Ideological functions of metonymy: The metonymic location names in Chinese and American political discourses

Min Chen

LAEL, Lancaster University

The talk examines ideological functions of metonymy by exploring the metonymic location names in Chinese and American political discourses. Based on evidence extracted from the self-built corpora by the news articles on Sino-US relations with the aid of USAS Semantic Tagger and the Concordance Tool, the study intends to investigate the ideological motivation underlying the use of PLACE metonymies. Following MIP (Zhang, et al., 2011), it identifies and concludes the (sub)models of PLACE metonymy, namely PLACE FOR INSTITUTION, PLACE FOR INHABITANT, PLACE FOR POWER and PLACE FOR PRODUCT. A statistical analysis of these metonymies based on the chi-square test from the conceptual and discursive parameters presents their distributional features with finer granularity, the coverage commonalities and differentiation of the same metonymies in two discourse communities.
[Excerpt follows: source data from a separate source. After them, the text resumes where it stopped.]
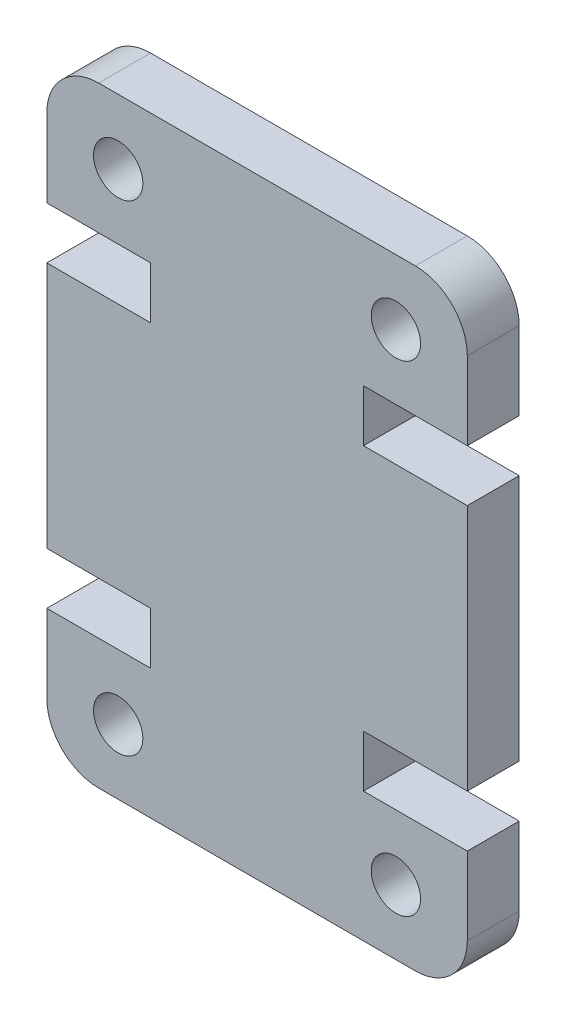
ISO-10303-21;
HEADER;
FILE_DESCRIPTION(('STEP AP214'),'2;1');
FILE_NAME('part.step','',(''),(''),'','','');
FILE_SCHEMA(('AUTOMOTIVE_DESIGN { 1 0 10303 214 1 1 1 1 }'));
ENDSEC;
DATA;
#1=APPLICATION_CONTEXT('core data for automotive mechanical design processes');
#2=APPLICATION_PROTOCOL_DEFINITION('international standard','automotive_design',2000,#1);
#3=PRODUCT_CONTEXT('',#1,'mechanical');
#4=PRODUCT('Part','Part','',(#3));
#5=PRODUCT_RELATED_PRODUCT_CATEGORY('part','',(#4));
#6=PRODUCT_DEFINITION_FORMATION('','',#4);
#7=PRODUCT_DEFINITION_CONTEXT('part definition',#1,'design');
#8=PRODUCT_DEFINITION('design','',#6,#7);
#9=PRODUCT_DEFINITION_SHAPE('','',#8);
#10=(LENGTH_UNIT() NAMED_UNIT(*) SI_UNIT(.MILLI.,.METRE.));
#11=(NAMED_UNIT(*) PLANE_ANGLE_UNIT() SI_UNIT($,.RADIAN.));
#12=(NAMED_UNIT(*) SI_UNIT($,.STERADIAN.) SOLID_ANGLE_UNIT());
#13=UNCERTAINTY_MEASURE_WITH_UNIT(LENGTH_MEASURE(1.E-05),#10,'distance_accuracy_value','');
#14=(GEOMETRIC_REPRESENTATION_CONTEXT(3) GLOBAL_UNCERTAINTY_ASSIGNED_CONTEXT((#13)) GLOBAL_UNIT_ASSIGNED_CONTEXT((#10,
#11,#12)) REPRESENTATION_CONTEXT('',''));
#15=CARTESIAN_POINT('',(0.,0.,0.));
#16=DIRECTION('',(0.,0.,1.));
#17=DIRECTION('',(1.,0.,0.));
#18=AXIS2_PLACEMENT_3D('',#15,#16,#17);
#19=CARTESIAN_POINT('',(14.2,2.,2.));
#20=DIRECTION('',(0.,0.,-1.));
#21=DIRECTION('',(-1.,0.,0.));
#22=AXIS2_PLACEMENT_3D('',#19,#20,#21);
#23=PLANE('',#22);
#24=CARTESIAN_POINT('',(13.4499999999986,21.0250000000001,2.));
#25=DIRECTION('',(0.,0.,1.));
#26=DIRECTION('',(1.,0.,0.));
#27=AXIS2_PLACEMENT_3D('',#24,#25,#26);
#28=CIRCLE('',#27,0.949999999999999);
#29=CARTESIAN_POINT('',(14.3999999999986,21.0250000000001,2.));
#30=VERTEX_POINT('',#29);
#31=EDGE_CURVE('E448',#30,#30,#28,.T.);
#32=ORIENTED_EDGE('',*,*,#31,.F.);
#33=EDGE_LOOP('',(#32));
#34=FACE_BOUND('',#33,.T.);
#35=CARTESIAN_POINT('',(13.4499999999986,2.4999999999999,2.));
#36=DIRECTION('',(0.,0.,1.));
#37=DIRECTION('',(-1.,0.,0.));
#38=AXIS2_PLACEMENT_3D('',#35,#36,#37);
#39=CIRCLE('',#38,0.949999999999999);
#40=CARTESIAN_POINT('',(12.4999999999986,2.4999999999999,2.));
#41=VERTEX_POINT('',#40);
#42=EDGE_CURVE('E230',#41,#41,#39,.T.);
#43=ORIENTED_EDGE('',*,*,#42,.F.);
#44=EDGE_LOOP('',(#43));
#45=FACE_BOUND('',#44,.T.);
#46=CARTESIAN_POINT('',(14.2,2.,2.));
#47=DIRECTION('',(0.,0.,1.));
#48=DIRECTION('',(-1.,0.,0.));
#49=AXIS2_PLACEMENT_3D('',#46,#47,#48);
#50=CIRCLE('',#49,2.);
#51=CARTESIAN_POINT('',(14.2,0.,2.));
#52=VERTEX_POINT('',#51);
#53=CARTESIAN_POINT('',(16.2,2.,2.));
#54=VERTEX_POINT('',#53);
#55=EDGE_CURVE('E273',#52,#54,#50,.T.);
#56=ORIENTED_EDGE('',*,*,#55,.T.);
#57=DIRECTION('',(0.,1.,0.));
#58=VECTOR('',#57,1.);
#59=CARTESIAN_POINT('',(16.2,5.00000000000014,2.));
#60=LINE('',#59,#58);
#61=CARTESIAN_POINT('',(16.2,5.00000000000014,2.));
#62=VERTEX_POINT('',#61);
#63=EDGE_CURVE('E141',#54,#62,#60,.T.);
#64=ORIENTED_EDGE('',*,*,#63,.T.);
#65=DIRECTION('',(-1.,0.,0.));
#66=VECTOR('',#65,1.);
#67=CARTESIAN_POINT('',(12.2,5.00000000000014,2.));
#68=LINE('',#67,#66);
#69=CARTESIAN_POINT('',(12.2,5.00000000000014,2.));
#70=VERTEX_POINT('',#69);
#71=EDGE_CURVE('E336',#62,#70,#68,.T.);
#72=ORIENTED_EDGE('',*,*,#71,.T.);
#73=DIRECTION('',(0.,1.,0.));
#74=VECTOR('',#73,1.);
#75=CARTESIAN_POINT('',(12.2,7.00000000000014,2.));
#76=LINE('',#75,#74);
#77=CARTESIAN_POINT('',(12.2,7.00000000000014,2.));
#78=VERTEX_POINT('',#77);
#79=EDGE_CURVE('E355',#70,#78,#76,.T.);
#80=ORIENTED_EDGE('',*,*,#79,.T.);
#81=DIRECTION('',(1.,0.,0.));
#82=VECTOR('',#81,1.);
#83=CARTESIAN_POINT('',(16.2,7.00000000000014,2.));
#84=LINE('',#83,#82);
#85=CARTESIAN_POINT('',(16.2,7.00000000000014,2.));
#86=VERTEX_POINT('',#85);
#87=EDGE_CURVE('E352',#78,#86,#84,.T.);
#88=ORIENTED_EDGE('',*,*,#87,.T.);
#89=DIRECTION('',(0.,1.,0.));
#90=VECTOR('',#89,1.);
#91=CARTESIAN_POINT('',(16.2,7.00000000000014,2.));
#92=LINE('',#91,#90);
#93=CARTESIAN_POINT('',(16.2,16.5249999999999,2.));
#94=VERTEX_POINT('',#93);
#95=EDGE_CURVE('E354',#86,#94,#92,.T.);
#96=ORIENTED_EDGE('',*,*,#95,.T.);
#97=DIRECTION('',(-1.,0.,0.));
#98=VECTOR('',#97,1.);
#99=CARTESIAN_POINT('',(16.2,16.5249999999999,2.));
#100=LINE('',#99,#98);
#101=CARTESIAN_POINT('',(12.2,16.5249999999999,2.));
#102=VERTEX_POINT('',#101);
#103=EDGE_CURVE('E357',#94,#102,#100,.T.);
#104=ORIENTED_EDGE('',*,*,#103,.T.);
#105=DIRECTION('',(0.,1.,0.));
#106=VECTOR('',#105,1.);
#107=CARTESIAN_POINT('',(12.2,16.5249999999999,2.));
#108=LINE('',#107,#106);
#109=CARTESIAN_POINT('',(12.2,18.5249999999999,2.));
#110=VERTEX_POINT('',#109);
#111=EDGE_CURVE('E363',#102,#110,#108,.T.);
#112=ORIENTED_EDGE('',*,*,#111,.T.);
#113=DIRECTION('',(1.,0.,0.));
#114=VECTOR('',#113,1.);
#115=CARTESIAN_POINT('',(12.2,18.5249999999999,2.));
#116=LINE('',#115,#114);
#117=CARTESIAN_POINT('',(16.2,18.5249999999999,2.));
#118=VERTEX_POINT('',#117);
#119=EDGE_CURVE('E365',#110,#118,#116,.T.);
#120=ORIENTED_EDGE('',*,*,#119,.T.);
#121=DIRECTION('',(0.,1.,0.));
#122=VECTOR('',#121,1.);
#123=CARTESIAN_POINT('',(16.2,18.5249999999999,2.));
#124=LINE('',#123,#122);
#125=CARTESIAN_POINT('',(16.2,21.525,2.));
#126=VERTEX_POINT('',#125);
#127=EDGE_CURVE('E367',#118,#126,#124,.T.);
#128=ORIENTED_EDGE('',*,*,#127,.T.);
#129=CARTESIAN_POINT('',(14.2,21.525,2.));
#130=DIRECTION('',(0.,0.,1.));
#131=DIRECTION('',(1.,0.,0.));
#132=AXIS2_PLACEMENT_3D('',#129,#130,#131);
#133=CIRCLE('',#132,2.);
#134=CARTESIAN_POINT('',(14.2,23.525,2.));
#135=VERTEX_POINT('',#134);
#136=EDGE_CURVE('E369',#126,#135,#133,.T.);
#137=ORIENTED_EDGE('',*,*,#136,.T.);
#138=DIRECTION('',(-1.,0.,0.));
#139=VECTOR('',#138,1.);
#140=CARTESIAN_POINT('',(1.99999999999999,23.525,2.));
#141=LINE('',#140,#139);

The findings reveal that the metonymies, while operative on an embodied basis, are actually tied up with and reinforce the hidden ideologies of discourse communities, and thus become the carrier of the political stance or disposition, and evaluative partiality of two media groups, implicitly exercising the manipulative check on their audiences.

Week 15 2016/2017

Thursday 16th February 2017
3:00-4:00pm

Bowland North Seminar Room 26

The talk is based on collaborative research with Yishan Zhou, a postgraduate at College of Foreign languages, University of Shanghai for Science and Technology (USST), China.